# What is the standard terminology regarding the arrows and objects involved in pullbacks?

In Awodey's Category Theory (2006) he discusses the pullback of arrows $f:A \rightarrow C$, $g: B \rightarrow C$ (in a category $\mathbf{C}$) as consisting of arrows $p_1: P \rightarrow A$, $p_2: P \rightarrow B$ such that $f \circ p_1 = g \circ p_2$ and this property is universal (p. 92). So it seems that a pullback has three parts, the object $P$ (which Awodey doesn't put a lot of emphasis on), and the two arrows $p_1,p_2$.

On nLab's page on pullbacks, they refer to the object $P$ as the pullback, which makes the arrows $p_1$ and $p_2$ seem almost incidental, whereas for Awodey they seemed central. (I know the arrows aren't merely "incidental", the point is a matter of emphasis.) But then I don't know what to call the arrows involved ($p_1$ and $p_2$).

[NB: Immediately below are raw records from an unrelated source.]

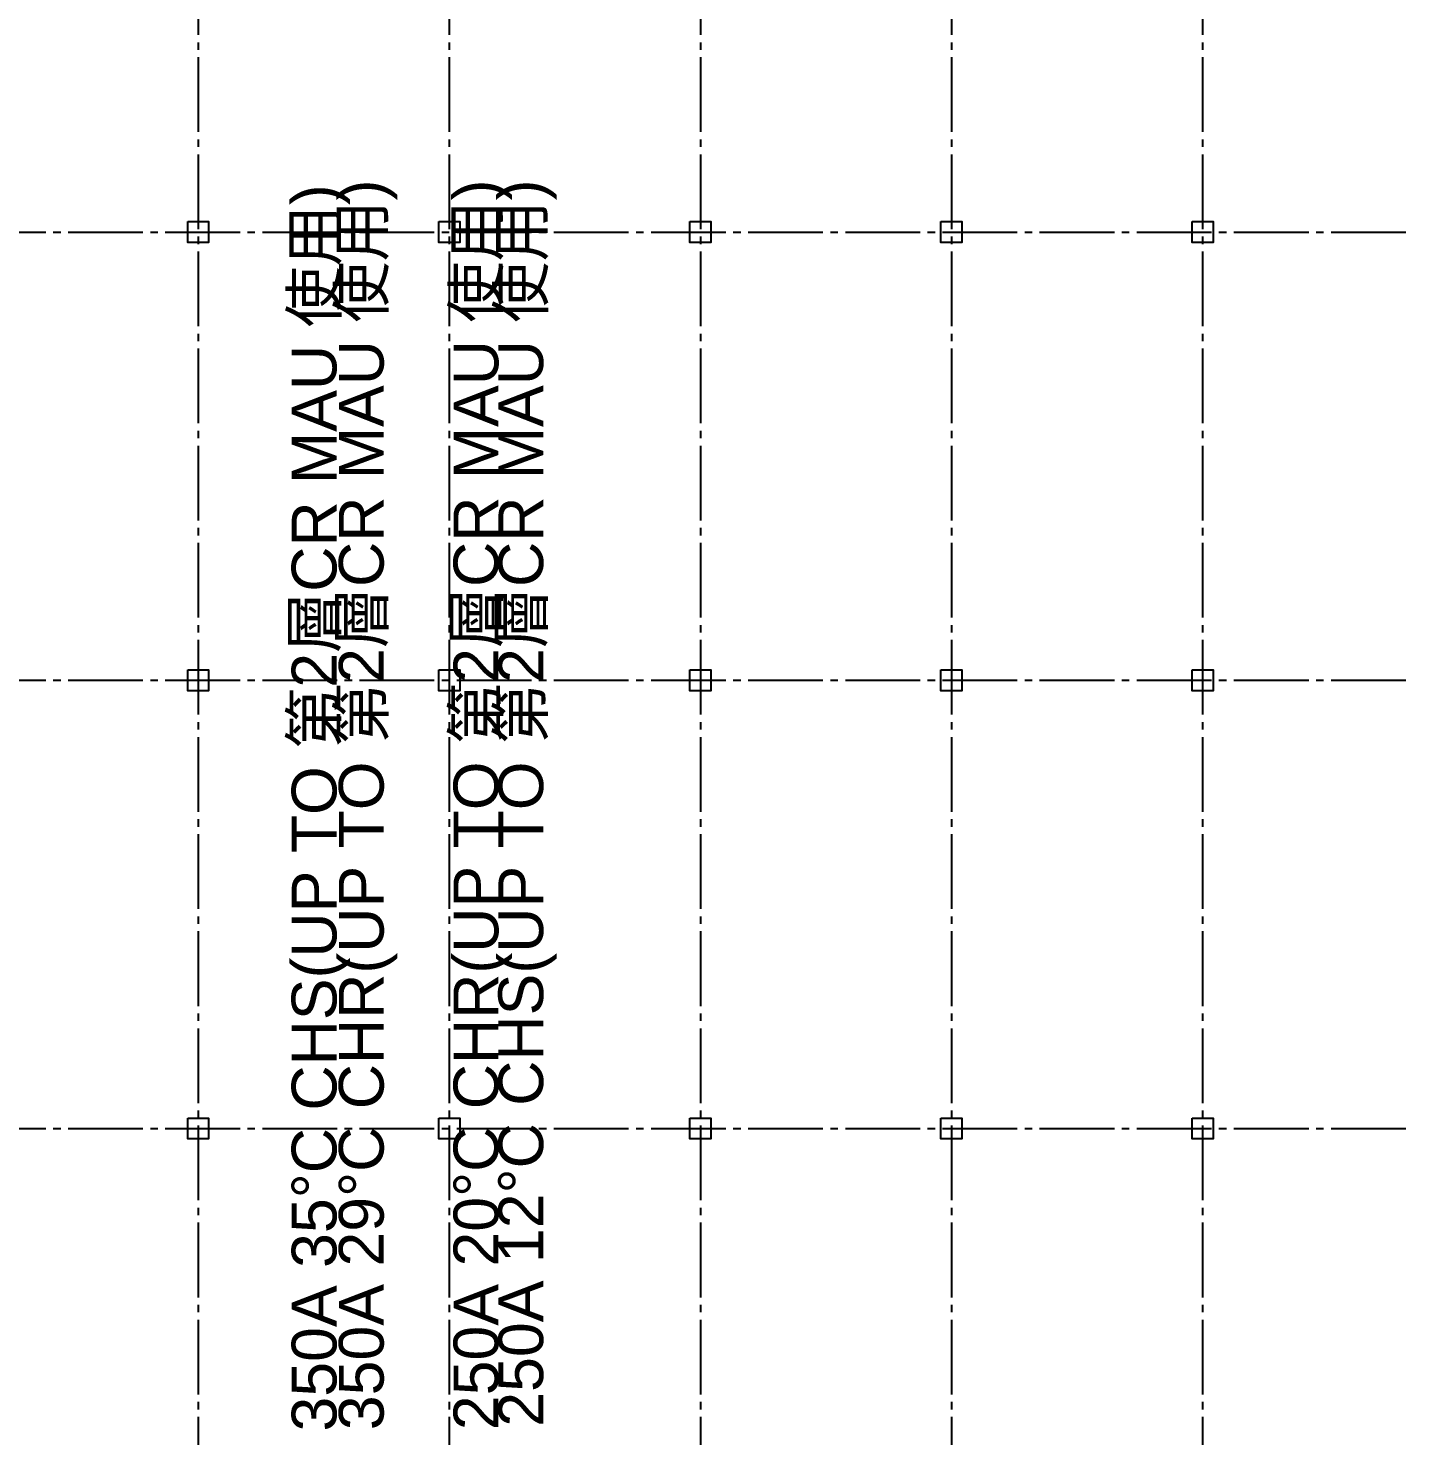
# Model space of a CAD drawing. Extents: x -18489 to 27370, y -8745 to 11880.
# Drawn here: x 2071 to 6670, y 472 to 5182 of the extents above; entities that cross this region are included whole.
import ezdxf
from ezdxf.enums import TextEntityAlignment as Align

# ---------------------------------------------------------------- set-up
doc = ezdxf.new("R2010")
doc.units = 0
doc.header["$LTSCALE"] = 100
doc.linetypes.add('X-S-FAB-L10$0$COL-CEN-LIN', pattern=[3.25, 2.5, -0.25, 0.25, -0.25])
for name, color, linetype in [('188K-SM-07-F10-MECH-WWR-PIPE-Y2257103$0$M-P-TXT2.5', 7, 'Continuous'), ('X-S-FAB-L10$0$0-DIM-TXT', 8, 'Continuous'), ('X-S-FAB-L10$0$BLOCK', 8, 'Continuous'), ('X-S-FAB-L10$0$CCL', 8, 'X-S-FAB-L10$0$COL-CEN-LIN'), ('X-S-FAB-L10$0$COL-S', 8, 'Continuous')]:
    doc.layers.add(name, color=color, linetype=linetype)
doc.styles.add('188K-SM-07-F10-MECH-WWR-PIPE-Y2257103$0$Standard', font='arial.ttf')
doc.styles.add('X-S-FAB-L10$0$CHINA', font='simplex.shx', dxfattribs={"width": 0.75, "bigfont": 'chineset.shx'})
doc.styles.add('X-S-FAB-L10$0$Standard', font='', dxfattribs={"width": 0.8})
doc.styles.add('X-S-FAB-L10$0$TG_NOTE_TEXT', font='simplex.shx', dxfattribs={"width": 0.75, "bigfont": 'chineset.shx'})
doc.styles.get('X-S-FAB-L10$0$Standard').set_extended_font_data('Microsoft JhengHei')

# ---------------------------------------------------------------- blocks, each defined once
blk = doc.blocks.new('X-S-FAB-L10$0$FAB2-L05')
at = {"layer": 'X-S-FAB-L10$0$CCL'}
for p, q in [((-23520, 11005), (-23520, 0)), ((-22680, 11005), (-22680, 0)), ((-21840, 11005), (-21840, 0)), ((-21000, 11005), (-21000, 0)), ((-20160, 11005), (-20160, 0)), ((-26880, 5220), (1210, 5220)), ((-26880, 3720), (1210, 3720)), ((-26880, 2220), (1210, 2220))]:
    blk.add_line(p, q, dxfattribs=at)
at = {"layer": 'X-S-FAB-L10$0$COL-S'}
for points in [[(-23555, 5255), (-23485, 5255), (-23485, 5185), (-23555, 5185)], [(-22715, 5255), (-22645, 5255), (-22645, 5185), (-22715, 5185)], [(-21875, 5255), (-21805, 5255), (-21805, 5185), (-21875, 5185)], [(-21035, 5255), (-20965, 5255), (-20965, 5185), (-21035, 5185)], [(-20195, 5255), (-20125, 5255), (-20125, 5185), (-20195, 5185)], [(-23555, 3755), (-23485, 3755), (-23485, 3685), (-23555, 3685)], [(-22715, 3755), (-22645, 3755), (-22645, 3685), (-22715, 3685)], [(-21875, 3755), (-21805, 3755), (-21805, 3685), (-21875, 3685)], [(-21035, 3755), (-20965, 3755), (-20965, 3685), (-21035, 3685)], [(-20195, 3755), (-20125, 3755), (-20125, 3685), (-20195, 3685)], [(-23555, 2255), (-23485, 2255), (-23485, 2185), (-23555, 2185)], [(-22715, 2255), (-22645, 2255), (-22645, 2185), (-22715, 2185)], [(-21875, 2255), (-21805, 2255), (-21805, 2185), (-21875, 2185)], [(-21035, 2255), (-20965, 2255), (-20965, 2185), (-21035, 2185)], [(-20195, 2255), (-20125, 2255), (-20125, 2185), (-20195, 2185)]]:
    blk.add_lwpolyline(points, close=True, dxfattribs=at)
blk = doc.blocks.new('X-S-FAB-L10')
at = {"layer": 'X-S-FAB-L10$0$COL-S'}
for p, q in [((2605, 4535), (2675, 4535)), ((2605, 4465), (2605, 4535)), ((2675, 4535), (2675, 4465)), ((3445, 4535), (3515, 4535)), ((3445, 4465), (3445, 4535)), ((3515, 4535), (3515, 4465)), ((4285, 4535), (4355, 4535)), ((4285, 4465), (4285, 4535)), ((4355, 4535), (4355, 4465)), ((5125, 4535), (5195, 4535)), ((5125, 4465), (5125, 4535)), ((5195, 4535), (5195, 4465)), ((5965, 4535), (6035, 4535)), ((5965, 4465), (5965, 4535)), ((6035, 4535), (6035, 4465)), ((2675, 4465), (2605, 4465)), ((3515, 4465), (3445, 4465)), ((4355, 4465), (4285, 4465)), ((5195, 4465), (5125, 4465)), ((6035, 4465), (5965, 4465)), ((2605, 3035), (2675, 3035)), ((2605, 2965), (2605, 3035)), ((2675, 3035), (2675, 2965)), ((3445, 3035), (3515, 3035)), ((3445, 2965), (3445, 3035)), ((3515, 3035), (3515, 2965)), ((4285, 3035), (4355, 3035)), ((4285, 2965), (4285, 3035)), ((4355, 3035), (4355, 2965)), ((5125, 3035), (5195, 3035)), ((5125, 2965), (5125, 3035)), ((5195, 3035), (5195, 2965)), ((5965, 3035), (6035, 3035)), ((5965, 2965), (5965, 3035)), ((6035, 3035), (6035, 2965)), ((2675, 2965), (2605, 2965)), ((3515, 2965), (3445, 2965)), ((4355, 2965), (4285, 2965)), ((5195, 2965), (5125, 2965)), ((6035, 2965), (5965, 2965)), ((2605, 1535), (2675, 1535)), ((2605, 1465), (2605, 1535)), ((2675, 1535), (2675, 1465)), ((3445, 1535), (3515, 1535)), ((3445, 1465), (3445, 1535)), ((3515, 1535), (3515, 1465)), ((4285, 1535), (4355, 1535)), ((4285, 1465), (4285, 1535)), ((4355, 1535), (4355, 1465)), ((5125, 1535), (5195, 1535)), ((5125, 1465), (5125, 1535)), ((5195, 1535), (5195, 1465)), ((5965, 1535), (6035, 1535)), ((5965, 1465), (5965, 1535)), ((6035, 1535), (6035, 1465)), ((2675, 1465), (2605, 1465)), ((3515, 1465), (3445, 1465)), ((4355, 1465), (4285, 1465)), ((5195, 1465), (5125, 1465)), ((6035, 1465), (5965, 1465))]:
    blk.add_line(p, q, dxfattribs=at)
at = {"layer": 'X-S-FAB-L10$0$BLOCK'}
blk.add_blockref('X-S-FAB-L10$0$FAB2-L05', (26160, -720), dxfattribs=at)
at = {"style": 'X-S-FAB-L10$0$TG_NOTE_TEXT', "width": 0.5, "flags": 1}
for p in [(7463.301, 9020), (18268.251, 8649), (11197.77, 4800.167), (16485.801, 4800.167), (25420.27, 2635), (13360, 320.001, 0), (7463.301, -33.333)]:
    blk.add_attdef('WH', text='', height=20, dxfattribs=at).set_placement(p, align=Align.BOTTOM_LEFT)
at = {"width": 0.5}
for style, p in [('X-S-FAB-L10$0$TG_NOTE_TEXT', (7585, 9020)), ('X-S-FAB-L10$0$TG_NOTE_TEXT', (18389.95, 8649)), ('X-S-FAB-L10$0$TG_NOTE_TEXT', (11117.5, 4813.5)), ('X-S-FAB-L10$0$TG_NOTE_TEXT', (16607.5, 4813.5)), ('X-S-FAB-L10$0$TG_NOTE_TEXT', (25350, 2635)), ('X-S-FAB-L10$0$Standard', (13129.375, 325.001, 0)), ('X-S-FAB-L10$0$TG_NOTE_TEXT', (7585, -20))]:
    blk.add_attdef('DESC', text='', height=10, dxfattribs=dict(at, style=style)).set_placement(p, align=Align.BOTTOM_LEFT)
for tag, style, p in [('TYPE', 'X-S-FAB-L10$0$TG_NOTE_TEXT', (7619.286, 9020)), ('NO', 'X-S-FAB-L10$0$TG_NOTE_TEXT', (7650.095, 9020)), ('TYPE', 'X-S-FAB-L10$0$TG_NOTE_TEXT', (18424.236, 8649)), ('NO', 'X-S-FAB-L10$0$TG_NOTE_TEXT', (18455.045, 8649)), ('NO', 'X-S-FAB-L10$0$TG_NOTE_TEXT', (11088.595, 4813.5)), ('TYPE', 'X-S-FAB-L10$0$TG_NOTE_TEXT', (11151.786, 4813.5)), ('TYPE', 'X-S-FAB-L10$0$TG_NOTE_TEXT', (16641.786, 4813.5)), ('NO', 'X-S-FAB-L10$0$TG_NOTE_TEXT', (16672.595, 4813.5)), ('NO', 'X-S-FAB-L10$0$TG_NOTE_TEXT', (25313, 2635)), ('TYPE', 'X-S-FAB-L10$0$TG_NOTE_TEXT', (25350, 2635)), ('NO', 'X-S-FAB-L10$0$Standard', (13100, 320.001, 0)), ('TYPE', 'X-S-FAB-L10$0$Standard', (13129.375, 320.001, 0)), ('TYPE', 'X-S-FAB-L10$0$TG_NOTE_TEXT', (7619.286, -20)), ('NO', 'X-S-FAB-L10$0$TG_NOTE_TEXT', (7650.095, -20))]:
    blk.add_attdef(tag, text='', height=10, dxfattribs=dict(at, style=style)).set_placement(p, align=Align.BOTTOM_RIGHT)
at = {"style": 'X-S-FAB-L10$0$TG_NOTE_TEXT', "width": 0.5, "flags": 1}
for rotation, p in [(180, (43, 7480)), (180, (943, 7480)), (90, (24310, 3717.77)), (270, (17080, 1711.699))]:
    blk.add_attdef('WH', text='', height=20, rotation=rotation, dxfattribs=at).set_placement(p, align=Align.BOTTOM_LEFT)
at = {"width": 0.5}
for rotation, style, p in [(180, 'X-S-FAB-L10$0$Standard', (317.625, 7480)), (180, 'X-S-FAB-L10$0$Standard', (1217.625, 7480)), (90, 'X-S-FAB-L10$0$TG_NOTE_TEXT', (24310, 3647.5)), (270, 'X-S-FAB-L10$0$TG_NOTE_TEXT', (17080, 1605))]:
    blk.add_attdef('DESC', text='', height=10, rotation=rotation, dxfattribs=dict(at, style=style)).set_placement(p, align=Align.BOTTOM_LEFT)
for tag, rotation, style, p in [('TYPE', 180, 'X-S-FAB-L10$0$Standard', (317.625, 7480)), ('NO', 180, 'X-S-FAB-L10$0$Standard', (347, 7480)), ('TYPE', 180, 'X-S-FAB-L10$0$Standard', (1217.625, 7480)), ('NO', 180, 'X-S-FAB-L10$0$Standard', (1247, 7480)), ('TYPE', 90, 'X-S-FAB-L10$0$TG_NOTE_TEXT', (24310, 3647.5)), ('NO', 90, 'X-S-FAB-L10$0$TG_NOTE_TEXT', (24310, 3610.5)), ('TYPE', 270, 'X-S-FAB-L10$0$TG_NOTE_TEXT', (17080, 1605)), ('NO', 270, 'X-S-FAB-L10$0$TG_NOTE_TEXT', (17080, 1573))]:
    blk.add_attdef(tag, text='', height=10, rotation=rotation, dxfattribs=dict(at, style=style)).set_placement(p, align=Align.BOTTOM_RIGHT)
at = {"layer": 'X-S-FAB-L10$0$0-DIM-TXT', "style": 'X-S-FAB-L10$0$CHINA', "width": 0.75}
for p in [(667.414, 7855.1, -2689.4), (22627.353, 6728.814), (25644.722, 6728.814), (24778.787, 5569.051), (1118.252, 4980), (417.801, 4594.623), (23874.84, 4355), (22927.43, 4330.122), (23749.869, 3901.367), (417.801, 3765.236), (1118.252, 3730), (417.801, 3115.79), (536.882, 2227.832), (16908.994, 1782.652), (888.445, 880.466), (16977.43, 750), (18878.841, 750), (21364.03, 526.894), (25641.221, 553.233)]:
    blk.add_attdef('HIG', text='', height=80, dxfattribs=at).set_placement(p, align=Align.MIDDLE_LEFT)
blk = doc.blocks.new('188K-SM-07-F10-MECH-WWR-PIPE-Y2257103')
at = {"layer": '188K-SM-07-F10-MECH-WWR-PIPE-Y2257103$0$M-P-TXT2.5', "style": '188K-SM-07-F10-MECH-WWR-PIPE-Y2257103$0$Standard'}
for s, p in [('350A 35%%DC CHS(UP TO 第2層CR MAU 使用)', (3027.8, 4659.8)), ('350A 29%%DC CHR(UP TO 第2層CR MAU 使用)', (3185.6, 4675.9)), ('250A 20%%DC CHR(UP TO 第2層CR MAU 使用)', (3569.2, 4675.9)), ('250A 12%%DC CHS(UP TO 第2層CR MAU 使用)', (3719.2, 4675.9))]:
    blk.add_text(s, height=150, rotation=90, dxfattribs=at).set_placement(p, align=Align.MIDDLE_RIGHT)

msp = doc.modelspace()

# ---------------------------------------------------------------- block references
for name in ['X-S-FAB-L10', '188K-SM-07-F10-MECH-WWR-PIPE-Y2257103']:
    msp.add_blockref(name, (0, 0))

doc.saveas('drawing.dxf')

Given a setup like the one above, what are some standard ways of talking about $P$, $p_1$, and $p_2$, especially expressions that indicate their relationship to the objects $A$, $B$, and $C$ and arrows $f$ and $g$?

• It is quite common to abuse the notation and refer to $P$ as the pullback, even though the arrows $p_1$, $p_2$ are necessary. People often refer to $p_1$ and $p_2$ as the structural maps of the pullback. The same terminology is also used for general limits and colimits. – Goa'uld May 13 '17 at 22:50
• Call them the pullback object and canoncial projections. – Berci May 13 '17 at 23:14
• @Berci If you wanna post that as an answer, ideally (though not necessarily) with a reference exhibiting that usage I'd be happy to accept it so that this question can fall off of the "unanswered" queue. – Dennis May 13 '17 at 23:27
• Indeed, canonical (morphisms/projections/embeddings) ist the, well, canonical expression used for those morphisms that "belong to" kernels, cokernsle,products, coproducts, limits, colimits, everything defined via universal properties, i.e., as universal objects in another category whose objects are objects of the given category together with certain arrows. Thus for $f\colon A\to B$, we have the canonical (ususally inclusion) homomorphism of the kernel object $\ker f$, or the canonical epimorphism to the cokernel object, or the canonical projection of the product to the individual components – Hagen von Eitzen May 14 '17 at 8:27

## 1 Answer

Let $I$ be a small category; in the case of pullbacks, take $I = (\bullet \rightarrow \bullet \leftarrow \bullet)$. Let $X : I \to \mathcal{C}$ be a diagram in a category $\mathcal{C}$ of shape $I$. Then a limit of $X$ is a final object in the category of cones to $X$ . Thus, it consists of a universal cone, sometimes called the limit cone (or limiting cone) $(p_i : L \to X(i))_{i \in I}$ such that for every cone $(q_i : T \to X(i))_{i \in I}$ there is a unique morphism $f : T \to L$ such that $p_i f = q_i$. It follows that every two limit cones are uniquely isomorphic (in the category of cones, of course), so that one may speak of the limit cone*. The morphisms $p_i : L \to X_i$ are called projections.

The object $L$, considered separately, has no significance, and it does not really make sense to call it a limit of $X$. Quite often mathematicians are just lazy and say "Let $L$ be a limit of $X$" ("with projections $p_i : L \to X(i)$") when they actually mean "Let $(p_i : L \to X(i))_{i \in I}$ be a limit cone" (which is, actually, shorter!). Nevertheless, Mac Lane calls $L$ a limit object and uses, as many others, the notation $L = \varprojlim X$. So in the case of pullbacks, this would be pullback object.

Also notice that $L$ is not unique up to unique isomorphism, so that it is not really unique in a categorical sense. In order to formulate unicity, we really have to remember the projections.

*It is very common to identify objects which are uniquely isomorphic. For example, one speaks of the trivial group, although (in ZFC) for every set $X$ we can endow the set $\{X\}$ with the trivial group structure $X \cdot X = X$. Thus there are as many trivial groups as sets. But they are all isomorphic in a unique way, so that there is no harm to identify them. More generally, one can identify all final objects of a category; and a limit cone of $X$ is just a final object in the category of cones to $X$.